I would have to say *The Black Company* series by _Glen Cook_.
I'm re-reading the series, and have sent several individual paperback to our soldiers in Afghanistan & Iraq.

I used to recommend *Lord of the Rings* but the story has been compromised by the monitarily successful Peter Jackson movie trilogy.


----------



## Violanthe (Aug 27, 2007)

I would agree on the Ender Series. It's one of my favorites.


----------



## Persephone (Jul 23, 2008)

YayGollum said:


> Favorite? *checks bookcase* I need to read more books. Garn. The Star Wars series was fun, but the many different authors made for some achingly cool books versus some that I would rather not recall. Tolkien type stories aren't too bad, but I can't call them my favorite, since they are liked by too many others.  Also, nobody takes that recommendation seriously. Either they read it a long time ago, or they wouldn't be into it. * The Ender series* was fun. None of the stuff on Earth with the boring wars and politics, though. *falls asleep* I would readily recommend those. How's about I merely go with Greek mythology? Sort of a series, yes? Many different stories to recommend to many different tastes?




And I feel very proud since I was the one that egged you about it. 

However, I actually enjoyed the Earth affairs (wars and politics) as much as the Space affairs. My favorite book in the Ender's Game series is Xenocide, and for the Ender's Shadow series it's Shadow Puppets. I also have the Earthfall series (which you may want to check out, T ), and a few more books written by Orson Scott Card - who is now my favorite author. So I guess that can be called a collection, no?

I also have the complete His Dark Materials Trilogy collection, but it's not a favorite of mine since Pullman has left the story hanging at a most deliriously annoying point that unless he publishes the next installment soon and make it better than the first three by answering many if not all the questions left hanging, I would put him in the Robert Jordan portion of the my bookshelf for good.

I also have the Robert Langdon series from Dan Brown. I say it's a series because he is writing a third book starring the same character. That's one of my favorites, too.


----------



## HLGStrider (Jul 24, 2008)

Lord of the Rings can be viewed as a trilogy or a whole and I prefer the whole, but I thought I'd still list it.
Narnia, obviously.

When I was younger I took a lot of pleasure in Lloyd Alexander who wrote a number of series: Westmark, Prydia, and Vesper Holly being the three I remember. 

Then Artemis Fowl . . . the Bartimaus Trilogy . . . Mary Poppins, the various Musketeer books by Dumas . . . 

There are a lot of series I like.


----------



## Ermundo (Jul 24, 2008)

I enjoyed the Bartimaus trilogy, and I am still not over the ending.
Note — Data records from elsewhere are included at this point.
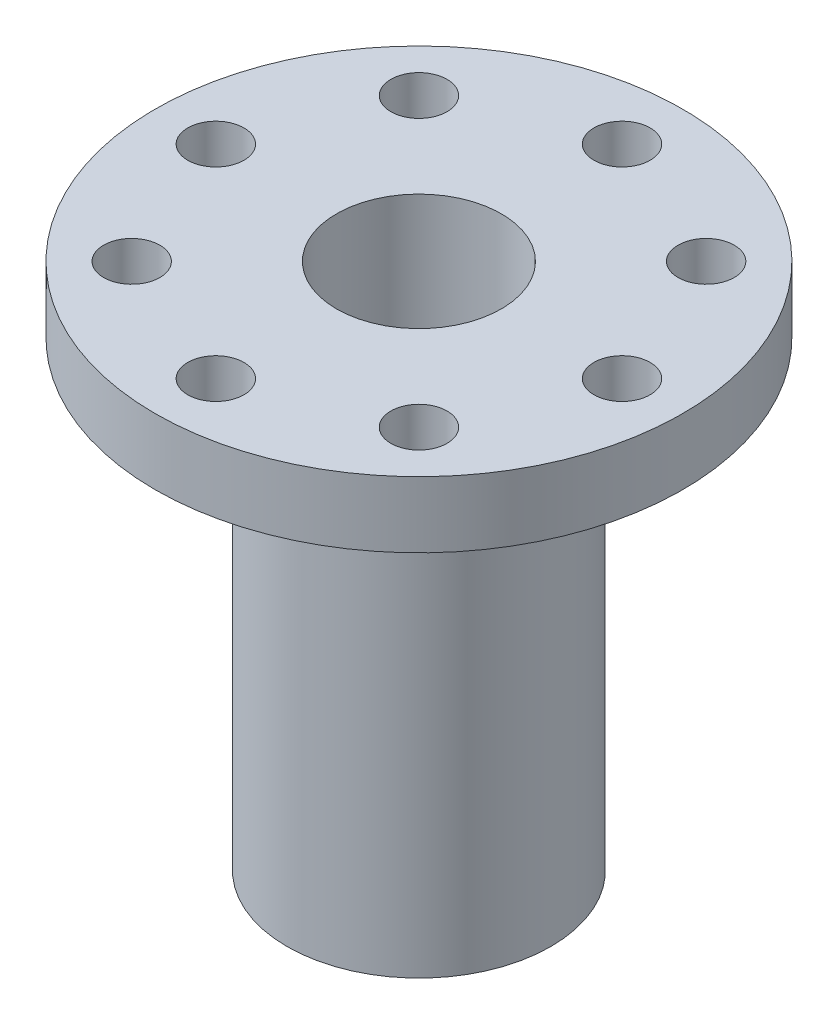
ISO-10303-21;
HEADER;
FILE_DESCRIPTION(('STEP AP214'),'2;1');
FILE_NAME('part.step','',(''),(''),'','','');
FILE_SCHEMA(('AUTOMOTIVE_DESIGN { 1 0 10303 214 1 1 1 1 }'));
ENDSEC;
DATA;
#1=APPLICATION_CONTEXT('core data for automotive mechanical design processes');
#2=APPLICATION_PROTOCOL_DEFINITION('international standard','automotive_design',2000,#1);
#3=PRODUCT_CONTEXT('',#1,'mechanical');
#4=PRODUCT('Part','Part','',(#3));
#5=PRODUCT_RELATED_PRODUCT_CATEGORY('part','',(#4));
#6=PRODUCT_DEFINITION_FORMATION('','',#4);
#7=PRODUCT_DEFINITION_CONTEXT('part definition',#1,'design');
#8=PRODUCT_DEFINITION('design','',#6,#7);
#9=PRODUCT_DEFINITION_SHAPE('','',#8);
#10=(LENGTH_UNIT() NAMED_UNIT(*) SI_UNIT(.MILLI.,.METRE.));
#11=(NAMED_UNIT(*) PLANE_ANGLE_UNIT() SI_UNIT($,.RADIAN.));
#12=(NAMED_UNIT(*) SI_UNIT($,.STERADIAN.) SOLID_ANGLE_UNIT());
#13=UNCERTAINTY_MEASURE_WITH_UNIT(LENGTH_MEASURE(1.E-05),#10,'distance_accuracy_value','');
#14=(GEOMETRIC_REPRESENTATION_CONTEXT(3) GLOBAL_UNCERTAINTY_ASSIGNED_CONTEXT((#13)) GLOBAL_UNIT_ASSIGNED_CONTEXT((#10,
#11,#12)) REPRESENTATION_CONTEXT('',''));
#15=CARTESIAN_POINT('',(0.,0.,0.));
#16=DIRECTION('',(0.,0.,1.));
#17=DIRECTION('',(1.,0.,0.));
#18=AXIS2_PLACEMENT_3D('',#15,#16,#17);
#19=CARTESIAN_POINT('',(0.,3.175,0.));
#20=DIRECTION('',(0.,-1.,0.));
#21=DIRECTION('',(0.,0.,-1.));
#22=AXIS2_PLACEMENT_3D('',#19,#20,#21);
#23=CYLINDRICAL_SURFACE('',#22,12.7);
#24=CARTESIAN_POINT('',(0.,3.175,0.));
#25=DIRECTION('',(0.,1.,0.));
#26=DIRECTION('',(0.,0.,1.));
#27=AXIS2_PLACEMENT_3D('',#24,#25,#26);
#28=CIRCLE('',#27,12.7);
#29=CARTESIAN_POINT('',(0.,3.175,12.7));
#30=VERTEX_POINT('',#29);
#31=EDGE_CURVE('E10',#30,#30,#28,.T.);
#32=ORIENTED_EDGE('',*,*,#31,.F.);
#33=EDGE_LOOP('',(#32));
#34=FACE_BOUND('',#33,.T.);
#35=CARTESIAN_POINT('',(0.,0.,0.));
#36=DIRECTION('',(0.,1.,0.));
#37=DIRECTION('',(0.,0.,1.));
#38=AXIS2_PLACEMENT_3D('',#35,#36,#37);
#39=CIRCLE('',#38,12.7);
#40=CARTESIAN_POINT('',(0.,0.,12.7));
#41=VERTEX_POINT('',#40);
#42=EDGE_CURVE('E33',#41,#41,#39,.T.);
#43=ORIENTED_EDGE('',*,*,#42,.T.);
#44=EDGE_LOOP('',(#43));
#45=FACE_BOUND('',#44,.T.);
#46=ADVANCED_FACE('F30',(#34,#45),#23,.T.);
#47=CARTESIAN_POINT('',(0.,3.175,0.));
#48=DIRECTION('',(0.,1.,0.));
#49=DIRECTION('',(0.,0.,1.));
#50=AXIS2_PLACEMENT_3D('',#47,#48,#49);
#51=PLANE('',#50);
#52=CARTESIAN_POINT('',(0.,3.175,-9.779));
#53=DIRECTION('',(0.,1.,0.));
#54=DIRECTION('',(0.,0.,1.));
#55=AXIS2_PLACEMENT_3D('',#52,#53,#54);
#56=CIRCLE('',#55,1.35255);
#57=CARTESIAN_POINT('',(0.,3.175,-8.42645));
#58=VERTEX_POINT('',#57);
#59=EDGE_CURVE('E110',#58,#58,#56,.T.);
#60=ORIENTED_EDGE('',*,*,#59,.F.);
#61=EDGE_LOOP('',(#60));
#62=FACE_BOUND('',#61,.T.);
#63=CARTESIAN_POINT('',(6.91479721322326,3.175,-6.91479721322324));
#64=DIRECTION('',(0.,1.,0.));
#65=DIRECTION('',(0.,0.,1.));
#66=AXIS2_PLACEMENT_3D('',#63,#64,#65);
#67=CIRCLE('',#66,1.35255);
#68=CARTESIAN_POINT('',(6.91479721322326,3.175,-5.56224721322324));
#69=VERTEX_POINT('',#68);
#70=EDGE_CURVE('E104',#69,#69,#67,.T.);
#71=ORIENTED_EDGE('',*,*,#70,.F.);
#72=EDGE_LOOP('',(#71));
#73=FACE_BOUND('',#72,.T.);
#74=CARTESIAN_POINT('',(9.779,3.175,0.));
#75=DIRECTION('',(0.,1.,0.));
#76=DIRECTION('',(0.,0.,1.));
#77=AXIS2_PLACEMENT_3D('',#74,#75,#76);
#78=CIRCLE('',#77,1.35255);
#79=CARTESIAN_POINT('',(9.779,3.175,1.35255000000003));
#80=VERTEX_POINT('',#79);
#81=EDGE_CURVE('E98',#80,#80,#78,.T.);
#82=ORIENTED_EDGE('',*,*,#81,.F.);
#83=EDGE_LOOP('',(#82));
#84=FACE_BOUND('',#83,.T.);
#85=CARTESIAN_POINT('',(6.91479721322321,3.175,6.91479721322328));
#86=DIRECTION('',(0.,1.,0.));
#87=DIRECTION('',(0.,0.,1.));
#88=AXIS2_PLACEMENT_3D('',#85,#86,#87);
#89=CIRCLE('',#88,1.35255);
#90=CARTESIAN_POINT('',(6.91479721322321,3.175,8.26734721322328));
#91=VERTEX_POINT('',#90);
#92=EDGE_CURVE('E92',#91,#91,#89,.T.);
#93=ORIENTED_EDGE('',*,*,#92,.F.);
#94=EDGE_LOOP('',(#93));
#95=FACE_BOUND('',#94,.T.);
#96=CARTESIAN_POINT('',(0.,3.175,9.779));
#97=DIRECTION('',(0.,1.,0.));
#98=DIRECTION('',(0.,0.,1.));
#99=AXIS2_PLACEMENT_3D('',#96,#97,#98);
#100=CIRCLE('',#99,1.35255);
#101=CARTESIAN_POINT('',(0.,3.175,11.13155));
#102=VERTEX_POINT('',#101);
#103=EDGE_CURVE('E86',#102,#102,#100,.T.);
#104=ORIENTED_EDGE('',*,*,#103,.F.);
#105=EDGE_LOOP('',(#104));
#106=FACE_BOUND('',#105,.T.);
#107=CARTESIAN_POINT('',(-6.91479721322331,3.175,6.91479721322319));
#108=DIRECTION('',(0.,1.,0.));
#109=DIRECTION('',(0.,0.,1.));
#110=AXIS2_PLACEMENT_3D('',#107,#108,#109);
#111=CIRCLE('',#110,1.35255);
#112=CARTESIAN_POINT('',(-6.91479721322331,3.175,8.26734721322319));
#113=VERTEX_POINT('',#112);
#114=EDGE_CURVE('E80',#113,#113,#111,.T.);
#115=ORIENTED_EDGE('',*,*,#114,.F.);
#116=EDGE_LOOP('',(#115));
#117=FACE_BOUND('',#116,.T.);
#118=CARTESIAN_POINT('',(-9.779,3.175,-1.02429588037641E-13));
#119=DIRECTION('',(0.,1.,0.));
#120=DIRECTION('',(0.,0.,1.));
#121=AXIS2_PLACEMENT_3D('',#118,#119,#120);
#122=CIRCLE('',#121,1.35255);
#123=CARTESIAN_POINT('',(-9.779,3.175,1.3525499999999));
#124=VERTEX_POINT('',#123);
#125=EDGE_CURVE('E74',#124,#124,#122,.T.);
#126=ORIENTED_EDGE('',*,*,#125,.F.);
#127=EDGE_LOOP('',(#126));
#128=FACE_BOUND('',#127,.T.);
#129=CARTESIAN_POINT('',(-6.91479721322316,3.175,-6.91479721322333));
#130=DIRECTION('',(0.,1.,0.));
#131=DIRECTION('',(0.,0.,1.));
#132=AXIS2_PLACEMENT_3D('',#129,#130,#131);
#133=CIRCLE('',#132,1.35255);
#134=CARTESIAN_POINT('',(-6.91479721322316,3.175,-5.56224721322333));
#135=VERTEX_POINT('',#134);
#136=EDGE_CURVE('E68',#135,#135,#133,.T.);
#137=ORIENTED_EDGE('',*,*,#136,.F.);
#138=EDGE_LOOP('',(#137));
#139=FACE_BOUND('',#138,.T.);
#140=CARTESIAN_POINT('',(0.,3.175,0.));
#141=DIRECTION('',(0.,1.,0.));
#142=DIRECTION('',(0.,0.,1.));
#143=AXIS2_PLACEMENT_3D('',#140,#141,#142);
#144=CIRCLE('',#143,3.96875);
#145=CARTESIAN_POINT('',(0.,3.175,3.96875));
#146=VERTEX_POINT('',#145);
#147=EDGE_CURVE('E54',#146,#146,#144,.T.);
#148=ORIENTED_EDGE('',*,*,#147,.F.);
#149=EDGE_LOOP('',(#148));
#150=FACE_BOUND('',#149,.T.);
#151=ORIENTED_EDGE('',*,*,#31,.T.);
#152=EDGE_LOOP('',(#151));
#153=FACE_BOUND('',#152,.T.);
#154=ADVANCED_FACE('F116',(#62,#73,#84,#95,#106,#117,#128,#139,#150,#153),#51,.T.);
#155=CARTESIAN_POINT('',(0.,0.,0.));
#156=DIRECTION('',(0.,1.,0.));
#157=DIRECTION('',(0.,0.,1.));
#158=AXIS2_PLACEMENT_3D('',#155,#156,#157);
#159=PLANE('',#158);
#160=CARTESIAN_POINT('',(0.,0.,-9.779));
#161=DIRECTION('',(0.,1.,0.));
#162=DIRECTION('',(0.,0.,1.));
#163=AXIS2_PLACEMENT_3D('',#160,#161,#162);
#164=CIRCLE('',#163,1.35255);
#165=CARTESIAN_POINT('',(0.,0.,-8.42645));
#166=VERTEX_POINT('',#165);
#167=EDGE_CURVE('E107',#166,#166,#164,.T.);
#168=ORIENTED_EDGE('',*,*,#167,.T.);
#169=EDGE_LOOP('',(#168));
#170=FACE_BOUND('',#169,.T.);
#171=CARTESIAN_POINT('',(6.91479721322326,0.,-6.91479721322324));
#172=DIRECTION('',(0.,1.,0.));
#173=DIRECTION('',(0.,0.,1.));
#174=AXIS2_PLACEMENT_3D('',#171,#172,#173);
#175=CIRCLE('',#174,1.35255);
#176=CARTESIAN_POINT('',(6.91479721322326,0.,-5.56224721322324));
#177=VERTEX_POINT('',#176);
#178=EDGE_CURVE('E101',#177,#177,#175,.T.);
#179=ORIENTED_EDGE('',*,*,#178,.T.);
#180=EDGE_LOOP('',(#179));
#181=FACE_BOUND('',#180,.T.);
#182=CARTESIAN_POINT('',(9.779,0.,0.));
#183=DIRECTION('',(0.,1.,0.));
#184=DIRECTION('',(0.,0.,1.));
#185=AXIS2_PLACEMENT_3D('',#182,#183,#184);
#186=CIRCLE('',#185,1.35255);
#187=CARTESIAN_POINT('',(9.779,0.,1.35255000000003));
#188=VERTEX_POINT('',#187);
#189=EDGE_CURVE('E95',#188,#188,#186,.T.);
#190=ORIENTED_EDGE('',*,*,#189,.T.);
#191=EDGE_LOOP('',(#190));
#192=FACE_BOUND('',#191,.T.);
#193=CARTESIAN_POINT('',(6.91479721322321,0.,6.91479721322328));
#194=DIRECTION('',(0.,1.,0.));
#195=DIRECTION('',(0.,0.,1.));
#196=AXIS2_PLACEMENT_3D('',#193,#194,#195);
#197=CIRCLE('',#196,1.35255);
#198=CARTESIAN_POINT('',(6.91479721322321,0.,8.26734721322328));
#199=VERTEX_POINT('',#198);
#200=EDGE_CURVE('E89',#199,#199,#197,.T.);
#201=ORIENTED_EDGE('',*,*,#200,.T.);
#202=EDGE_LOOP('',(#201));
#203=FACE_BOUND('',#202,.T.);
#204=CARTESIAN_POINT('',(0.,0.,9.779));
#205=DIRECTION('',(0.,1.,0.));
#206=DIRECTION('',(0.,0.,1.));
#207=AXIS2_PLACEMENT_3D('',#204,#205,#206);
#208=CIRCLE('',#207,1.35255);
#209=CARTESIAN_POINT('',(0.,0.,11.13155));
#210=VERTEX_POINT('',#209);
#211=EDGE_CURVE('E83',#210,#210,#208,.T.);
#212=ORIENTED_EDGE('',*,*,#211,.T.);
#213=EDGE_LOOP('',(#212));
#214=FACE_BOUND('',#213,.T.);
#215=CARTESIAN_POINT('',(-6.91479721322331,0.,6.91479721322319));
#216=DIRECTION('',(0.,1.,0.));
#217=DIRECTION('',(0.,0.,1.));
#218=AXIS2_PLACEMENT_3D('',#215,#216,#217);
#219=CIRCLE('',#218,1.35255);
#220=CARTESIAN_POINT('',(-6.91479721322331,0.,8.26734721322319));
#221=VERTEX_POINT('',#220);
#222=EDGE_CURVE('E77',#221,#221,#219,.T.);
#223=ORIENTED_EDGE('',*,*,#222,.T.);
#224=EDGE_LOOP('',(#223));
#225=FACE_BOUND('',#224,.T.);
#226=CARTESIAN_POINT('',(-9.779,0.,-1.02429588037641E-13));
#227=DIRECTION('',(0.,1.,0.));
#228=DIRECTION('',(0.,0.,1.));
#229=AXIS2_PLACEMENT_3D('',#226,#227,#228);
#230=CIRCLE('',#229,1.35255);
#231=CARTESIAN_POINT('',(-9.779,0.,1.3525499999999));
#232=VERTEX_POINT('',#231);
#233=EDGE_CURVE('E71',#232,#232,#230,.T.);
#234=ORIENTED_EDGE('',*,*,#233,.T.);
#235=EDGE_LOOP('',(#234));
#236=FACE_BOUND('',#235,.T.);
#237=CARTESIAN_POINT('',(-6.91479721322316,0.,-6.91479721322333));
#238=DIRECTION('',(0.,1.,0.));
#239=DIRECTION('',(0.,0.,1.));
#240=AXIS2_PLACEMENT_3D('',#237,#238,#239);
#241=CIRCLE('',#240,1.35255);
#242=CARTESIAN_POINT('',(-6.91479721322316,0.,-5.56224721322333));
#243=VERTEX_POINT('',#242);
#244=EDGE_CURVE('E63',#243,#243,#241,.T.);
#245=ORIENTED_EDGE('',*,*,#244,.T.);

That was a shocker. Other series that I've read and like include A song of Ice and Fire, plus a number of books in Arthurian literature. All that is coming off the top of my head, but unfortunately, I haven't read any book(s) in a while (except textbooks).


----------



## Illuin (Jul 24, 2008)

> _I used to recommend *Lord of the Rings* but the story has been compromised by the monitarily successful Peter Jackson movie trilogy_.


 
I don’t agree. The movies were great. Also, even if I didn't like the movies, that fact that movies were made shouldn’t even be an issue. Everybody knows the golden rule: *A book is ALWAYS at least ten times better than its movie, no matter how good the movie is*. So keep recommending _The Lord of the Rings_, because it’s very likely that more than 99% of all people have yet to experience the greatest book ever written .


----------



## Persephone (Jul 24, 2008)

Illuin said:


> I don’t agree. The movies were great. Also, even if I didn't like the movies, that fact that movies were made shouldn’t even be an issue. Everybody knows the golden rule: *A book is ALWAYS at least ten times better than its movie, no matter how good the movie is*. So keep recommending _The Lord of the Rings_, because it’s very likely that more than 99% of all people have yet to experience the greatest book ever written .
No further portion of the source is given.